Thursday, November 26, 2009

Gobekli Tepe

Was reading about ‘Gobekli Tepe’ the other day. Liked it so much that I put up a link on my FB page. First time I did that, and liked the way FB picked up the link and displayed a short summary too. Gobekli tepe is a paleolithic site, and is the earliest sing of human architecture and planned building known to us. The various structures have been interpreted as some sort of temples or places of ancestor worship. They date to c.10000 BC, well before we had assumed humans capable of building large common structures, and even predating the advent of farming, which is assumed to have started at a large scale some 2000 years later. It was always assumed that only after agriculture was well established and a surplus food supply assured did the population expand and people were free enough to venture into other fields, such as pottery, art, architecture etc. in short, the cultural evolution was supposed to have started after the Great Agricultural revolution. But here we see signs of culture predating farming by a couple of thousand years! There are a number of round structures made of stone and covered with lime. In these round rooms, there are free standing monoliths that some archaeologists interpret as ancestors/proto-gods. These are huge structures, some weighing many tons and have been carried here on top of this hill from some distance, in an age where the wheel was yet to be discovered.
Though a desert today, the area was lush and well irrigated 12000 years ago. What I find most interesting is that there is good evidence that wheat and grains were first cultivated in this area. some strains of wild wheat in the surrounding hills are genetic ancestors of the oldest known cultivated strains. This makes Gobekli the probable site of man’s first foray into settled agricultural life.

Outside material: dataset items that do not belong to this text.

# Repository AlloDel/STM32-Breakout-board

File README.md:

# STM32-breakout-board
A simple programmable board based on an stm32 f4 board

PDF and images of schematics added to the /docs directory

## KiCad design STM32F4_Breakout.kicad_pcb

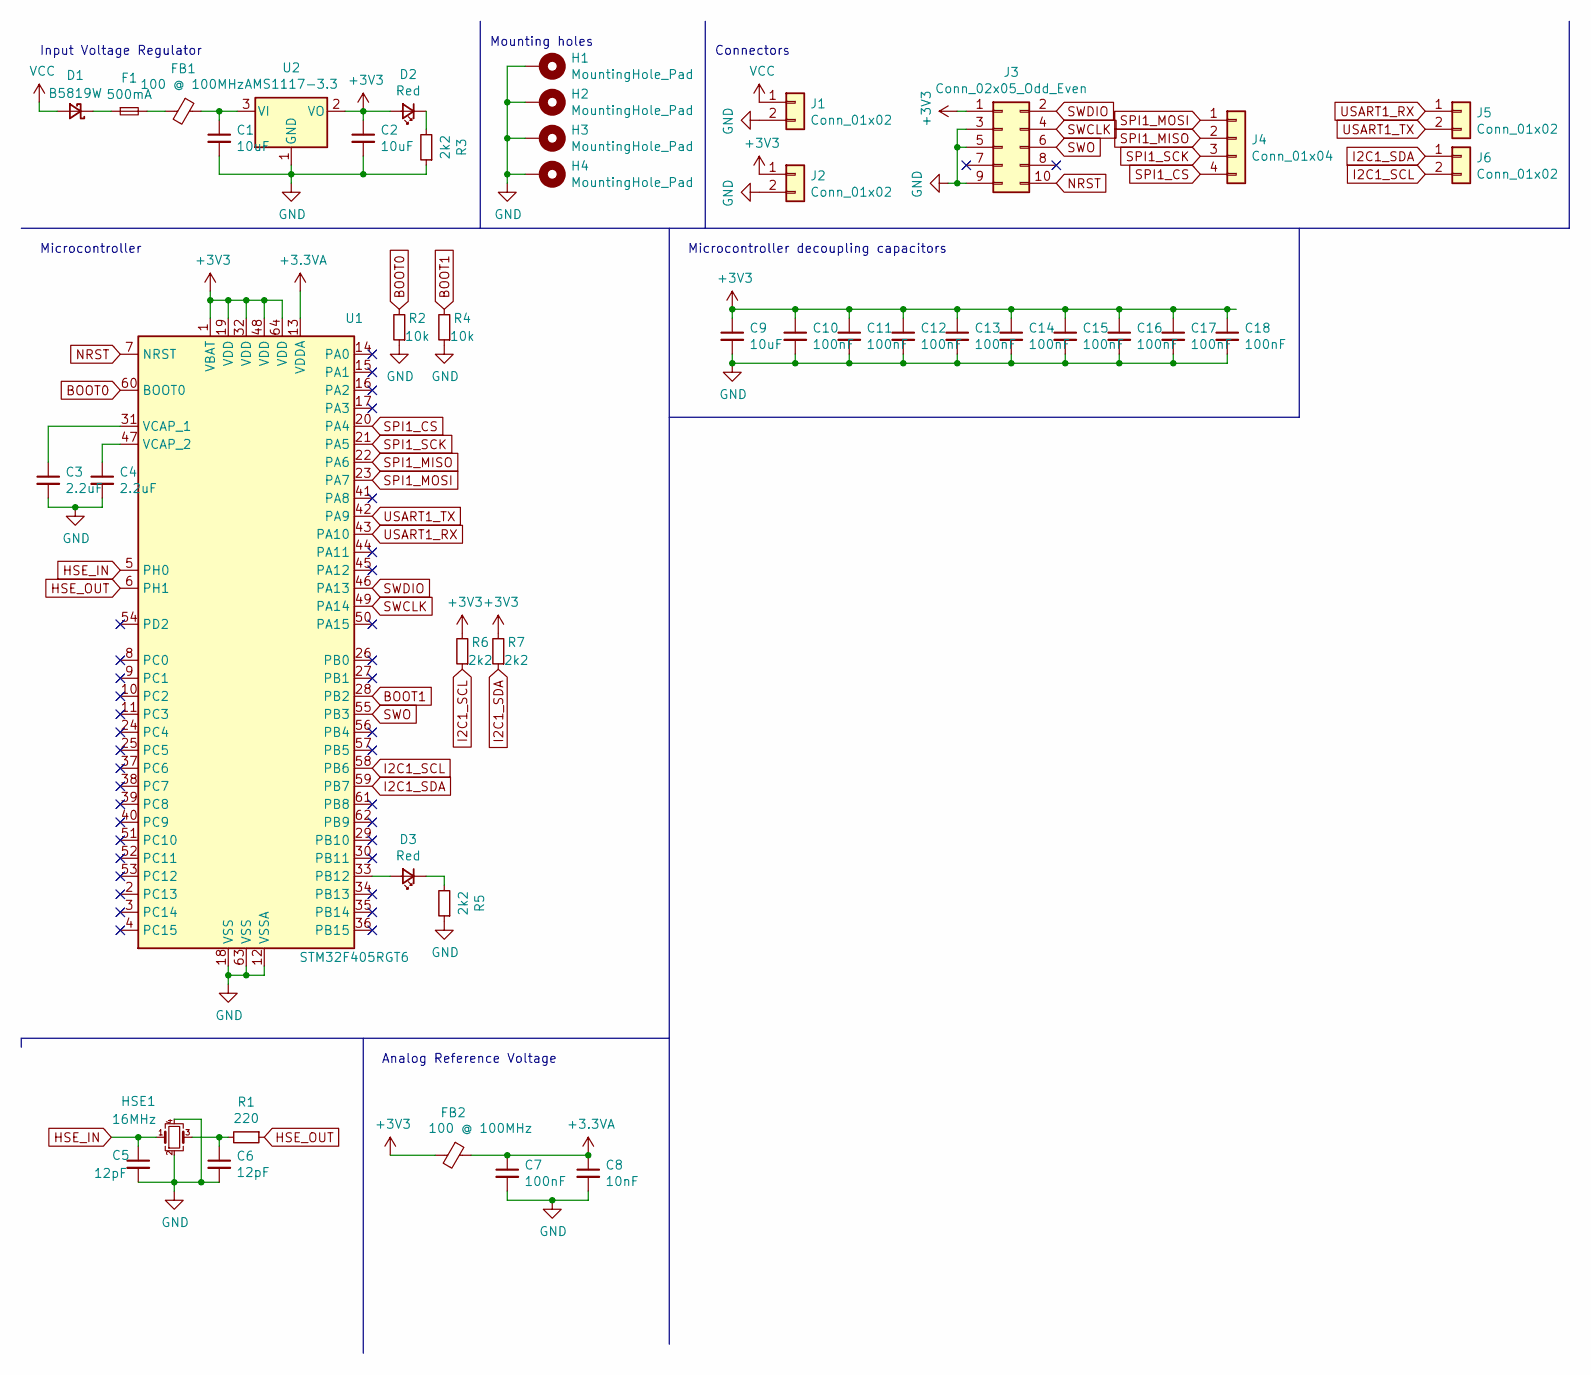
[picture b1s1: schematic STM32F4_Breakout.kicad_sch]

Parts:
C1, C2, C9: 10uF; C_0805_2012Metric
C3, C4: 2.2uF; C_0603_1608Metric
C5, C6: 12pF; C_0402_1005Metric
C7, C10, C11, C12, C13, C14, C15, C16, C17, C18: 100nF; C_0402_1005Metric
C8: 10nF; C_0402_1005Metric
D1: B5819W; D_SOD-123
D2, D3: Red; LED_0603_1608Metric
F1: 500mA; Fuse_0603_1608Metric
FB1, FB2: 100 @ 100MHz; L_0805_2012Metric
H1, H2, H3, H4: MountingHole_Pad; MountingHole_4.3mm_M4_Pad_Via
HSE1: 16MHz; Crystal_SMD_3225-4Pin_3.2x2.5mm
J1, J2, J5, J6: Conn_01x02; PinHeader_1x02_P2.54mm_Vertical
J3: Conn_02x05_Odd_Even; PinHeader_2x05_P1.27mm_Vertical_SMD
J4: Conn_01x04; PinHeader_1x04_P2.54mm_Vertical
R1: 220; R_0402_1005Metric
R2, R4: 10k; R_0402_1005Metric
R3, R5: 2k2; R_0603_1608Metric
R6, R7: 2k2; R_0402_1005Metric
U1: STM32F405RGT6; LQFP-64_10x10mm_P0.5mm
U2: AMS1117-3.3; SOT-223-3_TabPin2

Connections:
+3.3VA: C7.1, C8.1, FB2.1, U1.13 (VDDA)
+3V3: C2.1, C9.1, C10.1, C11.1, C12.1, C13.1, C14.1, C15.1, C16.1, C17.1, C18.1, D2.2 (A), FB2.2, J2.1, J3.1, R6.2, R7.2, U1.1 (VBAT), U1.19 (VDD), U1.32 (VDD), U1.48 (VDD), U1.64 (VDD), U2.2 (VO)
BOOT0: R2.2, U1.60 (BOOT0)
BOOT1: R4.2, U1.28 (PB2)
GND: C1.2, C2.2, C3.2, C4.2, C5.2, C6.2, C7.2, C8.2, C9.2, C10.2, C11.2, C12.2, C13.2, C14.2, C15.2, C16.2, C17.2, C18.2, H1.1, H2.1, H3.1, H4.1, HSE1.2, HSE1.4, J1.2, J2.2, J3.3, J3.5, J3.9, R2.1, R3.1, R4.1, R5.1, U1.12 (VSSA), U1.18 (VSS), U1.63 (VSS), U2.1 (GND)
HSE_IN: C5.1, HSE1.1, U1.5 (PH0)
HSE_OUT: R1.1, U1.6 (PH1)
I2C1_SCL: J6.2, R6.1, U1.58 (PB6)
I2C1_SDA: J6.1, R7.1, U1.59 (PB7)
NRST: J3.10, U1.7 (NRST)
unnamed: C1.1, FB1.1, U2.3 (VI)
unnamed: C3.1, U1.31 (VCAP_1)
unnamed: C4.1, U1.47 (VCAP_2)
unnamed: C6.1, HSE1.3, R1.2
unnamed: D1.1 (K), F1.1
unnamed: D2.1 (K), R3.2
unnamed: D3.1 (K), R5.2
unnamed: D3.2 (A), U1.33 (PB12)
unnamed: F1.2, FB1.2
SPI1_CS: J4.4, U1.20 (PA4)
SPI1_MISO: J4.2, U1.22 (PA6)
SPI1_MOSI: J4.1, U1.23 (PA7)
SPI1_SCK: J4.3, U1.21 (PA5)
SWCLK: J3.4, U1.49 (PA14)
SWDIO: J3.2, U1.46 (PA13)
SWO: J3.6, U1.55 (PB3)
USART1_RX: J5.1, U1.43 (PA10)
USART1_TX: J5.2, U1.42 (PA9)
VCC: D1.2 (A), J1.1

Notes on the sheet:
Mounting holes
Microcontroller
Microcontroller decoupling capacitors
Analog Reference Voltage
Connectors
Input Voltage Regulator

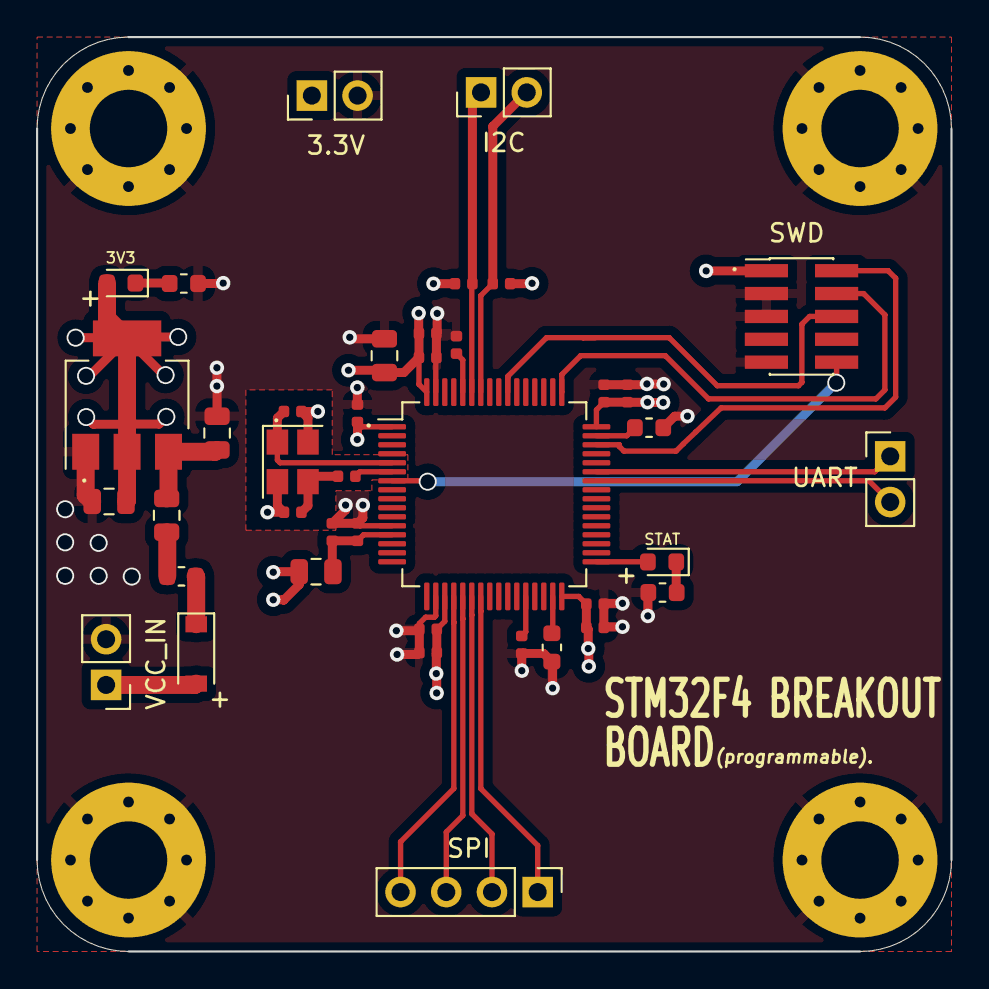
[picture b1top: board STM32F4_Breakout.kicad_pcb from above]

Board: 4 copper layers, 50.8 x 50.8 mm, 44 parts (0 on the bottom side), 29 nets.

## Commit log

2022-05-28 :star:initial commit

And these people, for unknown reasons, built this astonishing structure. There are signs that some sacrifices were carried out here. Then, mysteriously, around 8000BC, the site was deliberately buried under rubble.
Interested as I’ve always been in archaeology, two things make Gobekli Tepe all the more fascinating. First, it is the precursor of the Sumerian civilization, and the unknown, unnamed ancestor figures on this hilltop temple fit in so well with the Sumerian myth that agriculture was brought down to man from the hills by unnamed Gods who existed before the Sumerian pantheon came into being. What a bewitching idea, tying up these two disparate threads into one beautiful progression!
The other idea is that this is the site of the proverbial Eden; that the Bible carries a record of folk memory going back to the time when man moved from the relaxed, easy lifestyle of the hunter-gatherer to the more rigorous life of the farmer. The story of Adam and Eve’s leisurely life in the garden and their subsequent exile to work the earth to bring forth food resembles very closely man’s move towards an agrarian lifestyle.
And both these fascinating (to me) stories are linked to one patch of earth; ancient, mysterious, massive, awe inspiring, harking back to the dawn of man.